◆ **HOW TO COMPLETE THIS TASK**: Restate word for word the entries below, starting with the line with "#145=DIRECTION('',(0.,1.,0.));" and continuing through the line with "#161=DIRECTION('',(0.,1.,0.));". Include both of those lines and no others.

::::

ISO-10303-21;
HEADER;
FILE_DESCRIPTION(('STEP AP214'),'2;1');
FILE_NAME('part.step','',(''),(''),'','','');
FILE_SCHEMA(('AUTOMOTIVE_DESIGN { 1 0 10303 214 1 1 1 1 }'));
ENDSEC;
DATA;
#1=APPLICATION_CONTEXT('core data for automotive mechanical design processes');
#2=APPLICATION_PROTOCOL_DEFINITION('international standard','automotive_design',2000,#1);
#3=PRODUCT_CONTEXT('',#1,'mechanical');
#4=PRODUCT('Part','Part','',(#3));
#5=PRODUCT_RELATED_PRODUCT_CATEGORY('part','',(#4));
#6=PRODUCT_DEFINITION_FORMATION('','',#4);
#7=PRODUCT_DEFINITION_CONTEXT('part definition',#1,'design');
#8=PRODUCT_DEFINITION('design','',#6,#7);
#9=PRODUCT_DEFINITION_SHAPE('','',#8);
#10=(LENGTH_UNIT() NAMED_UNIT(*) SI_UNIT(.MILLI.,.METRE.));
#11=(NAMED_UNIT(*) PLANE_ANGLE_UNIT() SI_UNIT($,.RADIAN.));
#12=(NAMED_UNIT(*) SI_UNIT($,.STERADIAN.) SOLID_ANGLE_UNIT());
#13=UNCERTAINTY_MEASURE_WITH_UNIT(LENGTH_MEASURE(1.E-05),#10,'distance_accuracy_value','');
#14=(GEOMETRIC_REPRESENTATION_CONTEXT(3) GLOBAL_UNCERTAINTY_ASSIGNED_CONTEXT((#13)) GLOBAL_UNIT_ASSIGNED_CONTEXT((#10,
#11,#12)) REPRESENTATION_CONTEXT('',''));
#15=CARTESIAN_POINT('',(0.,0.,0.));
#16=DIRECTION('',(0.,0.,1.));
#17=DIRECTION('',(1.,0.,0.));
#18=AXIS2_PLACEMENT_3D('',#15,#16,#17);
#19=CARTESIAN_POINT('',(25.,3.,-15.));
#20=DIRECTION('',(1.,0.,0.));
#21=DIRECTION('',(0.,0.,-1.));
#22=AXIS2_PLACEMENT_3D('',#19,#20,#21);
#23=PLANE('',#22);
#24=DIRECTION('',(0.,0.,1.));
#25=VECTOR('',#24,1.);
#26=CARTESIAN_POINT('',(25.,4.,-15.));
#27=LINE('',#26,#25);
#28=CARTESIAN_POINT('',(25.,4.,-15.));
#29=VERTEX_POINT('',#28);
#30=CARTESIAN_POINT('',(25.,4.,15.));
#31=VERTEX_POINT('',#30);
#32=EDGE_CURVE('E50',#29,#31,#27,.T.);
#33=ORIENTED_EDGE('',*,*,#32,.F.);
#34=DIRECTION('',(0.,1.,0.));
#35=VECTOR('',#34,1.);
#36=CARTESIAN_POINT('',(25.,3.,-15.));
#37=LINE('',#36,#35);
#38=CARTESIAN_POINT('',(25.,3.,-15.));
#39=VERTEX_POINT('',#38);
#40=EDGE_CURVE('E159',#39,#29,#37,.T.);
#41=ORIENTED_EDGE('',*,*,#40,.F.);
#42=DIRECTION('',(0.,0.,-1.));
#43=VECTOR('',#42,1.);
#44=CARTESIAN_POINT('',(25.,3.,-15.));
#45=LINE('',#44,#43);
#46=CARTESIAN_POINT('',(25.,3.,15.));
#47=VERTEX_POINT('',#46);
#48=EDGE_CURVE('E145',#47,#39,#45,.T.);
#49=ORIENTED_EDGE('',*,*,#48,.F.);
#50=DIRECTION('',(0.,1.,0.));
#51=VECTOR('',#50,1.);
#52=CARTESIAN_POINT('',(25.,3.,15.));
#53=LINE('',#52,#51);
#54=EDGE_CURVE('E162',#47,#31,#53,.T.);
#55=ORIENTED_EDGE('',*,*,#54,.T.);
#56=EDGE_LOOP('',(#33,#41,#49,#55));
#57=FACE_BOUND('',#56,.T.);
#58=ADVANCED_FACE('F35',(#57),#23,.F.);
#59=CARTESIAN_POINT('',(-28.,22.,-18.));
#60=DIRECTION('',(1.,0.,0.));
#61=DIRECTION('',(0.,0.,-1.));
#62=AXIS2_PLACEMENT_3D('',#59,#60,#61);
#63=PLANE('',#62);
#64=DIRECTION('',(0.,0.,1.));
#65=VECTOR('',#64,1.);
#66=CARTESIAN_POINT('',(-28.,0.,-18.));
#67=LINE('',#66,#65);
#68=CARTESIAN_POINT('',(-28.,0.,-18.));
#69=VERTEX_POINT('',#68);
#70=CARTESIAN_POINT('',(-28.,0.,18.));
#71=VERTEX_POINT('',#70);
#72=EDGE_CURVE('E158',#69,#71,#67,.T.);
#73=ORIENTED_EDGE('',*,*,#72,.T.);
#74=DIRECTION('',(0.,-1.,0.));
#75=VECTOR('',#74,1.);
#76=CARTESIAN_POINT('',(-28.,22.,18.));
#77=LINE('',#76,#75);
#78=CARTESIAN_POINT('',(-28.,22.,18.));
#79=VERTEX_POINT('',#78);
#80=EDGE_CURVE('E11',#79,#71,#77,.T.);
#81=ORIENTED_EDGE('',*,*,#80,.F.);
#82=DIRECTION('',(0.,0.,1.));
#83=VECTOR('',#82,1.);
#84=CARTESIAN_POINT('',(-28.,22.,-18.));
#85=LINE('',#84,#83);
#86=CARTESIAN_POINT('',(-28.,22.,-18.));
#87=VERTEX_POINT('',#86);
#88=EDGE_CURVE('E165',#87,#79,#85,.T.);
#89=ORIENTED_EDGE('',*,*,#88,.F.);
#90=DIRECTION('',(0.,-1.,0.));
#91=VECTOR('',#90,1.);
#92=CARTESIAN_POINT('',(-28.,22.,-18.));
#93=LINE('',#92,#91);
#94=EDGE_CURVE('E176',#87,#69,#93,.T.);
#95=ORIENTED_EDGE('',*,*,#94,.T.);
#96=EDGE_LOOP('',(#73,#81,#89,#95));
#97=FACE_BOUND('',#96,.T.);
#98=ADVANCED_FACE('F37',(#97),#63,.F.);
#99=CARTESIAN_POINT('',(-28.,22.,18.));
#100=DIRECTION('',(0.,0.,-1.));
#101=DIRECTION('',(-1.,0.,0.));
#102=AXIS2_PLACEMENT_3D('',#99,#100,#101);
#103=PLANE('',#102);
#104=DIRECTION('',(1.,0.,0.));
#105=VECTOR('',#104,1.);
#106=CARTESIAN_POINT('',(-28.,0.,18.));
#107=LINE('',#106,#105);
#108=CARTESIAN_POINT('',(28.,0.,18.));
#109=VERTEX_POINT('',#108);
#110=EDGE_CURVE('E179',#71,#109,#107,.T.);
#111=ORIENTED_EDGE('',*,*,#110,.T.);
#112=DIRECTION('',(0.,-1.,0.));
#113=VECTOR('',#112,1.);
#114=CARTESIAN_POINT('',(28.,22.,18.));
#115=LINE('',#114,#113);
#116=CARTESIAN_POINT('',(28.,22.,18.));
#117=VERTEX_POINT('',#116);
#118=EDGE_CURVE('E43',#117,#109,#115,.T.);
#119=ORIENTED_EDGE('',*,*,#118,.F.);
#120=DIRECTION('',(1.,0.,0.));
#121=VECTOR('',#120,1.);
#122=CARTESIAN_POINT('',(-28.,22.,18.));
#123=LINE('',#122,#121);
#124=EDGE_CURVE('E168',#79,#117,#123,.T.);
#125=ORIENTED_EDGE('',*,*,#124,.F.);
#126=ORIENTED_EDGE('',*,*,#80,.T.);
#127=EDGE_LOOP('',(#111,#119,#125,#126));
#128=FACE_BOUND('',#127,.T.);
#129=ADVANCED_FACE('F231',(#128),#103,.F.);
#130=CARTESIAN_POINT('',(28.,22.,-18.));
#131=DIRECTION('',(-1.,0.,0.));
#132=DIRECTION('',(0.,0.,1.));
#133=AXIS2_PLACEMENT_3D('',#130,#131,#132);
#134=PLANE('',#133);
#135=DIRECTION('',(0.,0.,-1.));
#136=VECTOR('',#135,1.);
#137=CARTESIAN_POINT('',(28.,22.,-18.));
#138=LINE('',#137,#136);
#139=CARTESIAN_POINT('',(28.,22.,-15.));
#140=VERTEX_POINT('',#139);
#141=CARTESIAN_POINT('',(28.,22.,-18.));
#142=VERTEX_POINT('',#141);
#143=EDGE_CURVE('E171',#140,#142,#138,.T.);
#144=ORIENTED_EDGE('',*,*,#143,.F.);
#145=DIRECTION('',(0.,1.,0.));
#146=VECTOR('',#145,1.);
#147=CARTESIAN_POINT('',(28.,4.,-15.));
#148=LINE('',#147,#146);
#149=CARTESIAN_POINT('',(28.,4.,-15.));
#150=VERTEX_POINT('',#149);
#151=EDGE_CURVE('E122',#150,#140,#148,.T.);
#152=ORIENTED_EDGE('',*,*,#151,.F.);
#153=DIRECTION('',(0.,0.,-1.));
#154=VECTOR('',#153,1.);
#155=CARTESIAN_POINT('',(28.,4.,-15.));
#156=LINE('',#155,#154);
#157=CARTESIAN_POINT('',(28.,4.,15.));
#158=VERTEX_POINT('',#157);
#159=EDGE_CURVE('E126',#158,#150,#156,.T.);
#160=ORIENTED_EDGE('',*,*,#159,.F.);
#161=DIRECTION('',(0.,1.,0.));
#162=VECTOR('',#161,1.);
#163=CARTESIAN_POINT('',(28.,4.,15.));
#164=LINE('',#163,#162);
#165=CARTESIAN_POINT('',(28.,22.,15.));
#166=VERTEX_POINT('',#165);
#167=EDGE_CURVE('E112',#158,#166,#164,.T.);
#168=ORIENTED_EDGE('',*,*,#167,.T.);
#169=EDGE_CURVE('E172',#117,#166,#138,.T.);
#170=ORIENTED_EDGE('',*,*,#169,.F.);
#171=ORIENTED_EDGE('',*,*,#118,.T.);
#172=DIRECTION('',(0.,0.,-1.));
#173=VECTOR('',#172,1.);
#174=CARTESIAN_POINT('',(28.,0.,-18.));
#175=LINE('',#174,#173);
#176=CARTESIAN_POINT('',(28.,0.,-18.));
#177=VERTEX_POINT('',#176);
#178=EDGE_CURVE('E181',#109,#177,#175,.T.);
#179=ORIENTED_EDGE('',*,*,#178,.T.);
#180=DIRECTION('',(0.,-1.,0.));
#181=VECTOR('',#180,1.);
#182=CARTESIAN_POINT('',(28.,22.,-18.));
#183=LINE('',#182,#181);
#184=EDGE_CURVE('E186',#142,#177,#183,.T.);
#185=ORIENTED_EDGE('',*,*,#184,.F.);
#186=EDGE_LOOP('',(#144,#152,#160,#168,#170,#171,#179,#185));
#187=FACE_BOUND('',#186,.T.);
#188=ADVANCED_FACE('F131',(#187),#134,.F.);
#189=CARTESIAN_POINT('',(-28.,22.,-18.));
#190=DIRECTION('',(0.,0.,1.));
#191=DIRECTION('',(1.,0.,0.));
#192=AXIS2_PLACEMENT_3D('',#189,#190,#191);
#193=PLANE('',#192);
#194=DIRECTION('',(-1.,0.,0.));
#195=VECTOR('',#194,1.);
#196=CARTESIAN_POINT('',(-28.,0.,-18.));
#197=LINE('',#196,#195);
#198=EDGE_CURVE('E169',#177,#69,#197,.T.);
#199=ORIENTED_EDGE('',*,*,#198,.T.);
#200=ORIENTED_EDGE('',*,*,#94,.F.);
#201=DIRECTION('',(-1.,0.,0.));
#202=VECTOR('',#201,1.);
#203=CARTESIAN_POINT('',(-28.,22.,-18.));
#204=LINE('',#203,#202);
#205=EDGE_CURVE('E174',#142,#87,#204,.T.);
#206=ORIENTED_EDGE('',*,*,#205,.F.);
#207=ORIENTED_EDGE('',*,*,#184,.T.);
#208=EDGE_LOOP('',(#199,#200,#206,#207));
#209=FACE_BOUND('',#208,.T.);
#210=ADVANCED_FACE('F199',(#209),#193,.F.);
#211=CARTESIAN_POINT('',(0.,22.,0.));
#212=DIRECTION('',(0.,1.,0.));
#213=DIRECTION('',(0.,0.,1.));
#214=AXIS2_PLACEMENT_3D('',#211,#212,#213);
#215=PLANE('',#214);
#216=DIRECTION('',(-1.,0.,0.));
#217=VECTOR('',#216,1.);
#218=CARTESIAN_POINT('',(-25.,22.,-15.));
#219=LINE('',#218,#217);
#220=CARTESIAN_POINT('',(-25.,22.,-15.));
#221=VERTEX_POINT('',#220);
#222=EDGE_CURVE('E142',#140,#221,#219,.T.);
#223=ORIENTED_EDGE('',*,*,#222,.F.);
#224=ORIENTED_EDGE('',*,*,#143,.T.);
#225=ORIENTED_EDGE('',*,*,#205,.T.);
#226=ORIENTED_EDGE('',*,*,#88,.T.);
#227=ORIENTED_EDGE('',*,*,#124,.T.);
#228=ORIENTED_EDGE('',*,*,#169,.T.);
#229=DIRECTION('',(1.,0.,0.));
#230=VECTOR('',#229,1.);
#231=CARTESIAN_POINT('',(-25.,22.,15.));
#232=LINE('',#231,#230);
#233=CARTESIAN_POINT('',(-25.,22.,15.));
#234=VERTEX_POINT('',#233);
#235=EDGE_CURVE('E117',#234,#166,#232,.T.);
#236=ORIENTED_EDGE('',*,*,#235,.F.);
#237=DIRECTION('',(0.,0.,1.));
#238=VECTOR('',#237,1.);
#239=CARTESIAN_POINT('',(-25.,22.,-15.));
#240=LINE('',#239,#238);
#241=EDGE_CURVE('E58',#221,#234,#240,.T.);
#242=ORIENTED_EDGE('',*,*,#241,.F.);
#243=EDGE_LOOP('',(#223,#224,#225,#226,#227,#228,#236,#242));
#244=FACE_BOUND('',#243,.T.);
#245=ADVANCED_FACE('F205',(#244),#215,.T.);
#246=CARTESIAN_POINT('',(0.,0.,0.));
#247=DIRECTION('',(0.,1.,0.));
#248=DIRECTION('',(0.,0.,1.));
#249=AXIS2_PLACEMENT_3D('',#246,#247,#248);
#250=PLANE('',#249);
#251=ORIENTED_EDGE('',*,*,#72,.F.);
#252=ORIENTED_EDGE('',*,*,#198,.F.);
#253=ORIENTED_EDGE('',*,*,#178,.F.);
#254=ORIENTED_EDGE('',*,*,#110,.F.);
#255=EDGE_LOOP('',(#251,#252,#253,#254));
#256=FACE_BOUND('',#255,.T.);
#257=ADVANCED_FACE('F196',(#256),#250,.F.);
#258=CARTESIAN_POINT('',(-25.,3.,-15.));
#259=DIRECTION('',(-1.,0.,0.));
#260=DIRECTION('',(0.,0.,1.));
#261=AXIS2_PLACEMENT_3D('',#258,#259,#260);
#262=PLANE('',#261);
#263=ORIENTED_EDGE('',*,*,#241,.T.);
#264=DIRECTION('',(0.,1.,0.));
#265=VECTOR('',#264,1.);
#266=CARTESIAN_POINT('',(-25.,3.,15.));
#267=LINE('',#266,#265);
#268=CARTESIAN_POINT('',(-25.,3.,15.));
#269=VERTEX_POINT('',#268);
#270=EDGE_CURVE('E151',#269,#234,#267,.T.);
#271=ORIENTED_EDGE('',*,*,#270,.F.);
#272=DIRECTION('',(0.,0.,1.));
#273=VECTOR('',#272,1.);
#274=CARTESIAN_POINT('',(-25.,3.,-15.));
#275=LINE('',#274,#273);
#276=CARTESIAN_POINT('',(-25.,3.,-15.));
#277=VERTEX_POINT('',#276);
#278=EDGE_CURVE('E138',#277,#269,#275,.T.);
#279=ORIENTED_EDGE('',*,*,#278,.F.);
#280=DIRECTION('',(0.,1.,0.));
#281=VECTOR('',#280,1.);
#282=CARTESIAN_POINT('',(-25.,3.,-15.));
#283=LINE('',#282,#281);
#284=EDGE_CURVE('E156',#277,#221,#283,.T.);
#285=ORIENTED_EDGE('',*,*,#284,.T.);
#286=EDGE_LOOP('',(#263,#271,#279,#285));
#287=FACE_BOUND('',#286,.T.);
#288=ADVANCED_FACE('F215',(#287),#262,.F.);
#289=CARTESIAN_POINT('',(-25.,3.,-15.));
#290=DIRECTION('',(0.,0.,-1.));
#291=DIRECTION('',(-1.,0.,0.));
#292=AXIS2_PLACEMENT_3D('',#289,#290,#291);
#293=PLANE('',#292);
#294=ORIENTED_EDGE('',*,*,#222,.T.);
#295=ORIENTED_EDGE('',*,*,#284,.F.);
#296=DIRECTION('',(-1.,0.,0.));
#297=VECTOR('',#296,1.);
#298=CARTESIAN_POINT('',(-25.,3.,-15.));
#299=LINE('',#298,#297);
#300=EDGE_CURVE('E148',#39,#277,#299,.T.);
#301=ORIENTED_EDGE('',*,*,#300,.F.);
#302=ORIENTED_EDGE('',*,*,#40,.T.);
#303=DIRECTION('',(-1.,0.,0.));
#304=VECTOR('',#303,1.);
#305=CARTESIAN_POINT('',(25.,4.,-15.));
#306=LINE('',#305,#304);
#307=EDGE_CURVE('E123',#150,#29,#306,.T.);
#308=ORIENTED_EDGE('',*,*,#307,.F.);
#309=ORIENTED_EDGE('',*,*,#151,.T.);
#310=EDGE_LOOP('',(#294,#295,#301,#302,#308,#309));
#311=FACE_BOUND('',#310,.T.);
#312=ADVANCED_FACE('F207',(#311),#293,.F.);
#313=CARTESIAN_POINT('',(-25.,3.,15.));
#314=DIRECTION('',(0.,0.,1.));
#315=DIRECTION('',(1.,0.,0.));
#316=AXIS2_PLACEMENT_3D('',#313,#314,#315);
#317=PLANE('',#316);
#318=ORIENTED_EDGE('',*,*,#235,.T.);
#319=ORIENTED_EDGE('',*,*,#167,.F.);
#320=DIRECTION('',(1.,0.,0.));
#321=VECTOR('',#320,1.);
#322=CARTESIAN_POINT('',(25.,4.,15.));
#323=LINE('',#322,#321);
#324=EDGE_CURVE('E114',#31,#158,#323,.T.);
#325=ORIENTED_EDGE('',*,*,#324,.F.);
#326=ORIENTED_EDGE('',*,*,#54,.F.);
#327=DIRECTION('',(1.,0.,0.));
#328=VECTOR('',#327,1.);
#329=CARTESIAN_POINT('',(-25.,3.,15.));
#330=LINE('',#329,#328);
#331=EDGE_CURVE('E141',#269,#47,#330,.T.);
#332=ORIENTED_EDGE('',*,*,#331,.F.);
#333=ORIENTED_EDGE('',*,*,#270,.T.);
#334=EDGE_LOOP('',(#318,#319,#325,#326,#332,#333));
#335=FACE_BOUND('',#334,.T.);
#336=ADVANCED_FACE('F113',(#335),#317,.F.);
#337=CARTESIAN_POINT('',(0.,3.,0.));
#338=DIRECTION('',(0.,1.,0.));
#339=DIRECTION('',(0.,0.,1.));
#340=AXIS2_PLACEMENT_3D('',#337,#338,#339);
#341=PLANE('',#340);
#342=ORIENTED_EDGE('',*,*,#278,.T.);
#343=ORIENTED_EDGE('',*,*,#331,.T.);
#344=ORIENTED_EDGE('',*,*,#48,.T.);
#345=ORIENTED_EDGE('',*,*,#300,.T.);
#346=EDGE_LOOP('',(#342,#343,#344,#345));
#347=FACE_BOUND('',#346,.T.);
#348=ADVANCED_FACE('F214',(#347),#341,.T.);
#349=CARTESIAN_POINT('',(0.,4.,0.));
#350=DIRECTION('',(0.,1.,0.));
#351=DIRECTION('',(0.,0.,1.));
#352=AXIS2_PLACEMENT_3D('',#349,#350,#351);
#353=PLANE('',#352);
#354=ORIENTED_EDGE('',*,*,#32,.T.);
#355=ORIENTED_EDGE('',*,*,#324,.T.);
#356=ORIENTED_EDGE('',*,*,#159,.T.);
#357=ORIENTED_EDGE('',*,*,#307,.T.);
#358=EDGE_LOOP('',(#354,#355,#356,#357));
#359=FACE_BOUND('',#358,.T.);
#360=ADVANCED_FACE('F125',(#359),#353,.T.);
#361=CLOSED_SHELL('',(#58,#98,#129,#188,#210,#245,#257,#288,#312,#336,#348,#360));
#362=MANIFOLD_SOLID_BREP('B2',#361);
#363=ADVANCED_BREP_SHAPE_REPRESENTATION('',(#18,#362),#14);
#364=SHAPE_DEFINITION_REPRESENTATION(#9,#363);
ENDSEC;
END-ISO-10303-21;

::::

◆ **RESPONSE AREA**:
#145=DIRECTION('',(0.,1.,0.));
#146=VECTOR('',#145,1.);
#147=CARTESIAN_POINT('',(28.,4.,-15.));
#148=LINE('',#147,#146);
#149=CARTESIAN_POINT('',(28.,4.,-15.));
#150=VERTEX_POINT('',#149);
#151=EDGE_CURVE('E122',#150,#140,#148,.T.);
#152=ORIENTED_EDGE('',*,*,#151,.F.);
#153=DIRECTION('',(0.,0.,-1.));
#154=VECTOR('',#153,1.);
#155=CARTESIAN_POINT('',(28.,4.,-15.));
#156=LINE('',#155,#154);
#157=CARTESIAN_POINT('',(28.,4.,15.));
#158=VERTEX_POINT('',#157);
#159=EDGE_CURVE('E126',#158,#150,#156,.T.);
#160=ORIENTED_EDGE('',*,*,#159,.F.);
#161=DIRECTION('',(0.,1.,0.));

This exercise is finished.